» What is required
Go to the line containing "normal through all" in the records below. Repeat it and the lines after it exactly, all the way to the end.

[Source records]

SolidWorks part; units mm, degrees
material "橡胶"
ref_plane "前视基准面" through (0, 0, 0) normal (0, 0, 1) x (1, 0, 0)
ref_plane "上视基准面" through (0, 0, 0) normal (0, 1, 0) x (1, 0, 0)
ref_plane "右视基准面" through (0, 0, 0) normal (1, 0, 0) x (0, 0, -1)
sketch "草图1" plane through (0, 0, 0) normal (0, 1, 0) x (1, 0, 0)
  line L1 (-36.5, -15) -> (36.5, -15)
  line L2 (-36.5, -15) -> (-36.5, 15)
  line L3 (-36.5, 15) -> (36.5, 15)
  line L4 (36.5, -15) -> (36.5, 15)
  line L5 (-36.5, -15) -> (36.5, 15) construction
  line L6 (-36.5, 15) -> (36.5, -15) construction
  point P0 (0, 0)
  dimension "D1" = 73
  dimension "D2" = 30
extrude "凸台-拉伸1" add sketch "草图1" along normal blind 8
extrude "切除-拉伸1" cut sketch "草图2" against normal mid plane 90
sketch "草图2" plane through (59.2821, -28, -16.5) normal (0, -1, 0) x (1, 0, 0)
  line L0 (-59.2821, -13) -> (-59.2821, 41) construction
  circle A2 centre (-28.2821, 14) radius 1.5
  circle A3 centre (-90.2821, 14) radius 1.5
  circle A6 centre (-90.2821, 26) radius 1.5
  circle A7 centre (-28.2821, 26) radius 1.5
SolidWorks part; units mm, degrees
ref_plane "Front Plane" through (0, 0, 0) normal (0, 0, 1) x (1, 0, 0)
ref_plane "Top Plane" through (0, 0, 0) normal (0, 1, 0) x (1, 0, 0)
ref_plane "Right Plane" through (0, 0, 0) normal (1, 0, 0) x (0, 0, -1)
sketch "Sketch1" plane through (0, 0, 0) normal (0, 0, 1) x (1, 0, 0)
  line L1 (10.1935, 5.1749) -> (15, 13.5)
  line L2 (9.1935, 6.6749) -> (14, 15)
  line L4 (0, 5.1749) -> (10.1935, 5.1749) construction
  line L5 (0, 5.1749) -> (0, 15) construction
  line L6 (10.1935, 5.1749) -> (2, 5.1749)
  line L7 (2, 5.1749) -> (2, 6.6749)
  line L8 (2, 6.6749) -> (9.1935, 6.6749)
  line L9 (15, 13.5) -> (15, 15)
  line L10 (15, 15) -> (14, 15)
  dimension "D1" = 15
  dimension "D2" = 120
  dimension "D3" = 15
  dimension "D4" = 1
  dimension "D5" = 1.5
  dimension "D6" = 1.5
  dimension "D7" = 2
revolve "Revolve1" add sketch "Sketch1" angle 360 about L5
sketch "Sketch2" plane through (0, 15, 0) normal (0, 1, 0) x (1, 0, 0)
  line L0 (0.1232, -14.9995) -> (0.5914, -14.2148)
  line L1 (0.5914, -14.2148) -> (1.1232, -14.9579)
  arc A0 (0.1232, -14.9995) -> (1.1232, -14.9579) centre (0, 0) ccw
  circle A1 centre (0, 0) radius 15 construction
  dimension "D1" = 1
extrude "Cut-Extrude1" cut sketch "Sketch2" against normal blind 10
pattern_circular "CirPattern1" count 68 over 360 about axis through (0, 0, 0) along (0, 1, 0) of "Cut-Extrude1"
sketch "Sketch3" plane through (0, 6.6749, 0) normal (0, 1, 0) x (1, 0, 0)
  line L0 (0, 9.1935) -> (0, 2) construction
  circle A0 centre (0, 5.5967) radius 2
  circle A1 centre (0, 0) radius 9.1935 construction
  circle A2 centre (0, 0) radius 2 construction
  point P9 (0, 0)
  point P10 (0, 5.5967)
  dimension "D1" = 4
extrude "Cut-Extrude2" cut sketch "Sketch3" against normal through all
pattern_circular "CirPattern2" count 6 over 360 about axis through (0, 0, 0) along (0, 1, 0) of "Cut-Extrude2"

» Output of the task
extrude "Cut-Extrude2" cut sketch "Sketch3" against normal through all
pattern_circular "CirPattern2" count 6 over 360 about axis through (0, 0, 0) along (0, 1, 0) of "Cut-Extrude2"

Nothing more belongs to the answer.